Completely factor the following expression:100x2 – 160xy + 64y2
100x2 – 160xy + 64y2
=4(25x²-40xy+16y²)
=4((5x)²-2*5x*4y+(4y)²)
=...
use (a-b)²=a²-2ab+b²
to complete the factorization.
To completely factor the expression 100x^2 - 160xy + 64y^2, we need to find the factors of each term and look for a common factor that can be factored out.
Let's start by writing out the factors for each term:
100x^2: Since 100 is a perfect square, we can factor it as (10x)^2.
-160xy: The coefficient -160 can be factored as -2 * 2 * 2 * 2 * 5, and we can group the variables as x * y.

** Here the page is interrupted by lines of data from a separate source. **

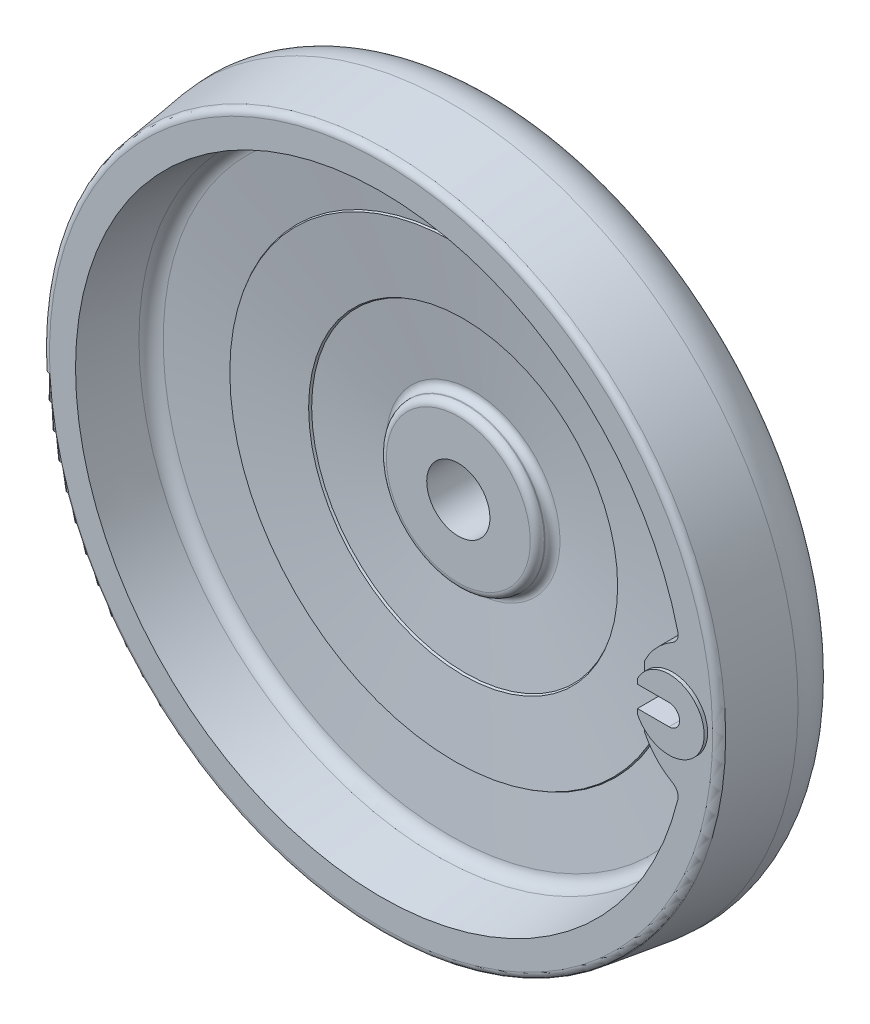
ISO-10303-21;
HEADER;
FILE_DESCRIPTION(('STEP AP214'),'2;1');
FILE_NAME('part.step','',(''),(''),'','','');
FILE_SCHEMA(('AUTOMOTIVE_DESIGN { 1 0 10303 214 1 1 1 1 }'));
ENDSEC;
DATA;
#1=APPLICATION_CONTEXT('core data for automotive mechanical design processes');
#2=APPLICATION_PROTOCOL_DEFINITION('international standard','automotive_design',2000,#1);
#3=PRODUCT_CONTEXT('',#1,'mechanical');
#4=PRODUCT('Part','Part','',(#3));
#5=PRODUCT_RELATED_PRODUCT_CATEGORY('part','',(#4));
#6=PRODUCT_DEFINITION_FORMATION('','',#4);
#7=PRODUCT_DEFINITION_CONTEXT('part definition',#1,'design');
#8=PRODUCT_DEFINITION('design','',#6,#7);
#9=PRODUCT_DEFINITION_SHAPE('','',#8);
#10=(LENGTH_UNIT() NAMED_UNIT(*) SI_UNIT(.MILLI.,.METRE.));
#11=(NAMED_UNIT(*) PLANE_ANGLE_UNIT() SI_UNIT($,.RADIAN.));
#12=(NAMED_UNIT(*) SI_UNIT($,.STERADIAN.) SOLID_ANGLE_UNIT());
#13=UNCERTAINTY_MEASURE_WITH_UNIT(LENGTH_MEASURE(1.E-05),#10,'distance_accuracy_value','');
#14=(GEOMETRIC_REPRESENTATION_CONTEXT(3) GLOBAL_UNCERTAINTY_ASSIGNED_CONTEXT((#13)) GLOBAL_UNIT_ASSIGNED_CONTEXT((#10,
#11,#12)) REPRESENTATION_CONTEXT('',''));
#15=CARTESIAN_POINT('',(0.,0.,0.));
#16=DIRECTION('',(0.,0.,1.));
#17=DIRECTION('',(1.,0.,0.));
#18=AXIS2_PLACEMENT_3D('',#15,#16,#17);
#19=CARTESIAN_POINT('',(74.,4.3588989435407,32.4999999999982));
#20=DIRECTION('',(-1.,0.,0.));
#21=DIRECTION('',(0.,1.,0.));
#22=AXIS2_PLACEMENT_3D('',#19,#20,#21);
#23=PLANE('',#22);
#24=DIRECTION('',(0.,-1.,0.));
#25=VECTOR('',#24,1.);
#26=CARTESIAN_POINT('',(74.,2.99999999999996,40.4999999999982));
#27=LINE('',#26,#25);
#28=CARTESIAN_POINT('',(74.,2.99999999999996,40.4999999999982));
#29=VERTEX_POINT('',#28);
#30=CARTESIAN_POINT('',(74.,-2.99999999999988,40.4999999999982));
#31=VERTEX_POINT('',#30);
#32=EDGE_CURVE('E426',#29,#31,#27,.T.);
#33=ORIENTED_EDGE('',*,*,#32,.F.);
#34=DIRECTION('',(0.,0.,1.));
#35=VECTOR('',#34,1.);
#36=CARTESIAN_POINT('',(74.,2.99999999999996,40.4999999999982));
#37=LINE('',#36,#35);
#38=CARTESIAN_POINT('',(74.,2.99999999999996,54.9999999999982));
#39=VERTEX_POINT('',#38);
#40=EDGE_CURVE('E153',#29,#39,#37,.T.);
#41=ORIENTED_EDGE('',*,*,#40,.T.);
#42=DIRECTION('',(0.,-1.,0.));
#43=VECTOR('',#42,1.);
#44=CARTESIAN_POINT('',(74.,4.3588989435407,54.9999999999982));
#45=LINE('',#44,#43);
#46=CARTESIAN_POINT('',(74.,4.3588989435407,54.9999999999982));
#47=VERTEX_POINT('',#46);
#48=EDGE_CURVE('E160',#47,#39,#45,.T.);
#49=ORIENTED_EDGE('',*,*,#48,.F.);
#50=DIRECTION('',(0.,0.,1.));
#51=VECTOR('',#50,1.);
#52=CARTESIAN_POINT('',(74.,4.3588989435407,32.4999999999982));
#53=LINE('',#52,#51);
#54=CARTESIAN_POINT('',(74.,4.3588989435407,33.796130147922));
#55=VERTEX_POINT('',#54);
#56=EDGE_CURVE('E163',#55,#47,#53,.T.);
#57=ORIENTED_EDGE('',*,*,#56,.F.);
#58=CARTESIAN_POINT('',(74.,-7.45844997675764,33.8262095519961));
#59=CARTESIAN_POINT('',(74.,-5.67068262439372,33.8043038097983));
#60=CARTESIAN_POINT('',(74.,-3.88281812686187,33.7902627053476));
#61=CARTESIAN_POINT('',(74.,-0.307172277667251,33.7779444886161));
#62=CARTESIAN_POINT('',(74.,1.48060906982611,33.7796661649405));
#63=CARTESIAN_POINT('',(74.,5.05608358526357,33.798904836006));
#64=CARTESIAN_POINT('',(74.,6.84377675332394,33.8164218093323));
#65=CARTESIAN_POINT('',(74.,10.4190826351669,33.8669168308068));
#66=CARTESIAN_POINT('',(74.,12.2066953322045,33.8998960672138));
#67=CARTESIAN_POINT('',(74.,13.9941330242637,33.94043794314));
#68=B_SPLINE_CURVE_WITH_KNOTS('',3,(#58,#59,#60,#61,#62,#63,#64,#65,#66,#67),.UNSPECIFIED.,.F.,
.F.,(4,2,2,2,4),(0.,5.36368874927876,10.7269652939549,16.0902345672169,21.4539160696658),.UNSPECIFIED.);
#69=CARTESIAN_POINT('',(74.,-4.35889894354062,33.796130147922));
#70=VERTEX_POINT('',#69);
#71=EDGE_CURVE('E22',#70,#55,#68,.T.);
#72=ORIENTED_EDGE('',*,*,#71,.F.);
#73=DIRECTION('',(0.,0.,1.));
#74=VECTOR('',#73,1.);
#75=CARTESIAN_POINT('',(74.,-4.35889894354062,32.4999999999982));
#76=LINE('',#75,#74);
#77=CARTESIAN_POINT('',(74.,-4.35889894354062,54.9999999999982));
#78=VERTEX_POINT('',#77);
#79=EDGE_CURVE('E165',#70,#78,#76,.T.);
#80=ORIENTED_EDGE('',*,*,#79,.T.);
#81=CARTESIAN_POINT('',(74.,-2.99999999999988,54.9999999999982));
#82=VERTEX_POINT('',#81);
#83=EDGE_CURVE('E159',#82,#78,#45,.T.);
#84=ORIENTED_EDGE('',*,*,#83,.F.);
#85=DIRECTION('',(0.,0.,1.));
#86=VECTOR('',#85,1.);
#87=CARTESIAN_POINT('',(74.,-2.99999999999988,40.4999999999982));
#88=LINE('',#87,#86);
#89=EDGE_CURVE('E144',#31,#82,#88,.T.);
#90=ORIENTED_EDGE('',*,*,#89,.F.);
#91=EDGE_LOOP('',(#33,#41,#49,#57,#72,#80,#84,#90));
#92=FACE_BOUND('',#91,.T.);
#93=ADVANCED_FACE('F14',(#92),#23,.T.);
#94=CARTESIAN_POINT('',(83.,0.,54.9999999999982));
#95=DIRECTION('',(0.,0.,1.));
#96=DIRECTION('',(0.,-1.,0.));
#97=AXIS2_PLACEMENT_3D('',#94,#95,#96);
#98=PLANE('',#97);
#99=ORIENTED_EDGE('',*,*,#48,.T.);
#100=DIRECTION('',(1.,0.,0.));
#101=VECTOR('',#100,1.);
#102=CARTESIAN_POINT('',(74.,2.99999999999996,54.9999999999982));
#103=LINE('',#102,#101);
#104=CARTESIAN_POINT('',(83.,3.,54.9999999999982));
#105=VERTEX_POINT('',#104);
#106=EDGE_CURVE('E431',#39,#105,#103,.T.);
#107=ORIENTED_EDGE('',*,*,#106,.T.);
#108=CARTESIAN_POINT('',(83.,0.,54.9999999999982));
#109=DIRECTION('',(0.,0.,-1.));
#110=DIRECTION('',(0.,1.,0.));
#111=AXIS2_PLACEMENT_3D('',#108,#109,#110);
#112=CIRCLE('',#111,2.99999999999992);
#113=CARTESIAN_POINT('',(83.,-2.99999999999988,54.9999999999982));
#114=VERTEX_POINT('',#113);
#115=EDGE_CURVE('E444',#105,#114,#112,.T.);
#116=ORIENTED_EDGE('',*,*,#115,.T.);
#117=DIRECTION('',(1.,0.,0.));
#118=VECTOR('',#117,1.);
#119=CARTESIAN_POINT('',(74.,-2.99999999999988,54.9999999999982));
#120=LINE('',#119,#118);
#121=EDGE_CURVE('E142',#82,#114,#120,.T.);
#122=ORIENTED_EDGE('',*,*,#121,.F.);
#123=ORIENTED_EDGE('',*,*,#83,.T.);
#124=CARTESIAN_POINT('',(83.,0.,54.9999999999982));
#125=DIRECTION('',(0.,0.,1.));
#126=DIRECTION('',(0.,-1.,0.));
#127=AXIS2_PLACEMENT_3D('',#124,#125,#126);
#128=CIRCLE('',#127,10.);
#129=EDGE_CURVE('E156',#78,#47,#128,.T.);
#130=ORIENTED_EDGE('',*,*,#129,.T.);
#131=EDGE_LOOP('',(#99,#107,#116,#122,#123,#130));
#132=FACE_BOUND('',#131,.T.);
#133=ADVANCED_FACE('F198',(#132),#98,.T.);
#134=CARTESIAN_POINT('',(75.,8.71779788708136,31.999999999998));
#135=DIRECTION('',(-1.,0.,0.));
#136=DIRECTION('',(0.,1.,0.));
#137=AXIS2_PLACEMENT_3D('',#134,#135,#136);
#138=PLANE('',#137);
#139=DIRECTION('',(0.,0.,1.));
#140=VECTOR('',#139,1.);
#141=CARTESIAN_POINT('',(75.,-6.,32.4999999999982));
#142=LINE('',#141,#140);
#143=CARTESIAN_POINT('',(75.,-6.,33.9316606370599));
#144=VERTEX_POINT('',#143);
#145=CARTESIAN_POINT('',(75.,-6.,53.9999999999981));
#146=VERTEX_POINT('',#145);
#147=EDGE_CURVE('E213',#144,#146,#142,.T.);
#148=ORIENTED_EDGE('',*,*,#147,.F.);
#149=CARTESIAN_POINT('',(75.,-11.9885308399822,34.0185514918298));
#150=CARTESIAN_POINT('',(75.,-10.4449398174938,33.9888161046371));
#151=CARTESIAN_POINT('',(75.,-8.9012387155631,33.9647180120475));
#152=CARTESIAN_POINT('',(75.,-5.81369877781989,33.9279693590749));
#153=CARTESIAN_POINT('',(75.,-4.26985994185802,33.9153188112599));
#154=CARTESIAN_POINT('',(75.,-1.18246247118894,33.9016397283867));
#155=CARTESIAN_POINT('',(75.,0.361096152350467,33.9006086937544));
#156=CARTESIAN_POINT('',(75.,3.44817562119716,33.9101670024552));
#157=CARTESIAN_POINT('',(75.,4.99169646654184,33.9207563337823));
#158=CARTESIAN_POINT('',(75.,8.07859542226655,33.9534345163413));
#159=CARTESIAN_POINT('',(75.,9.62197353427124,33.9755232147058));
#160=CARTESIAN_POINT('',(75.,12.7085300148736,34.0309478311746));
#161=CARTESIAN_POINT('',(75.,14.2517083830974,34.0642837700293));
#162=CARTESIAN_POINT('',(75.,17.3381236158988,34.1418509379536));
#163=CARTESIAN_POINT('',(75.,18.8813604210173,34.1860845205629));
#164=CARTESIAN_POINT('',(75.,21.967492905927,34.284967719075));
#165=CARTESIAN_POINT('',(75.,23.510388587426,34.3396172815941));
#166=CARTESIAN_POINT('',(75.,25.0530886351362,34.3992372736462));
#167=B_SPLINE_CURVE_WITH_KNOTS('',3,(#149,#150,#151,#152,#153,#154,#155,#156,#157,#158,#159,
#160,#161,#162,#163,#164,#165,#166),.UNSPECIFIED.,.F.,.F.,(4,2,2,2,2,2,2,2,4),(0.,
4.63162414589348,9.26325337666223,13.8938862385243,18.5245143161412,23.1550808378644,
27.7856559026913,32.4172319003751,37.0487841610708),.UNSPECIFIED.);
#168=CARTESIAN_POINT('',(75.,-8.71779788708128,33.9640203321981));
#169=VERTEX_POINT('',#168);
#170=EDGE_CURVE('E219',#169,#144,#167,.T.);
#171=ORIENTED_EDGE('',*,*,#170,.F.);
#172=DIRECTION('',(0.,0.,1.));
#173=VECTOR('',#172,1.);
#174=CARTESIAN_POINT('',(75.,-8.71779788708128,31.999999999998));
#175=LINE('',#174,#173);
#176=CARTESIAN_POINT('',(75.,-8.71779788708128,53.9999999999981));
#177=VERTEX_POINT('',#176);
#178=EDGE_CURVE('E382',#169,#177,#175,.T.);
#179=ORIENTED_EDGE('',*,*,#178,.T.);
#180=DIRECTION('',(0.,-1.,0.));
#181=VECTOR('',#180,1.);
#182=CARTESIAN_POINT('',(75.,8.71779788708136,53.9999999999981));
#183=LINE('',#182,#181);
#184=EDGE_CURVE('E403',#146,#177,#183,.T.);
#185=ORIENTED_EDGE('',*,*,#184,.F.);
#186=EDGE_LOOP('',(#148,#171,#179,#185));
#187=FACE_BOUND('',#186,.T.);
#188=ADVANCED_FACE('F242',(#187),#138,.T.);
#189=CARTESIAN_POINT('',(0.,0.,51.9999999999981));
#190=DIRECTION('',(0.,0.,1.));
#191=DIRECTION('',(0.,-1.,0.));
#192=AXIS2_PLACEMENT_3D('',#189,#190,#191);
#193=TOROIDAL_SURFACE('',#192,94.4272112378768,2.);
#194=CARTESIAN_POINT('',(0.,0.,52.2702264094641));
#195=DIRECTION('',(0.,0.,1.));
#196=DIRECTION('',(0.,-1.,0.));
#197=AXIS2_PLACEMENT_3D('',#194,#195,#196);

So, we can write it as -2^4 * 5 * x * y = (-2^2 * 5xy)(2^2 * y) = (-20xy)(4y) = -20xy * 4y.
64y^2: Similar to 100x^2, 64 is a perfect square. We can factor it as (8y)^2.
Now let's rewrite the expression with the factored terms:
100x^2 - 160xy + 64y^2
= (10x)^2 - 20xy * 4y + (8y)^2
= (10x - 4y)(10x - 4y)
So, the completely factored expression is (10x - 4y)(10x - 4y).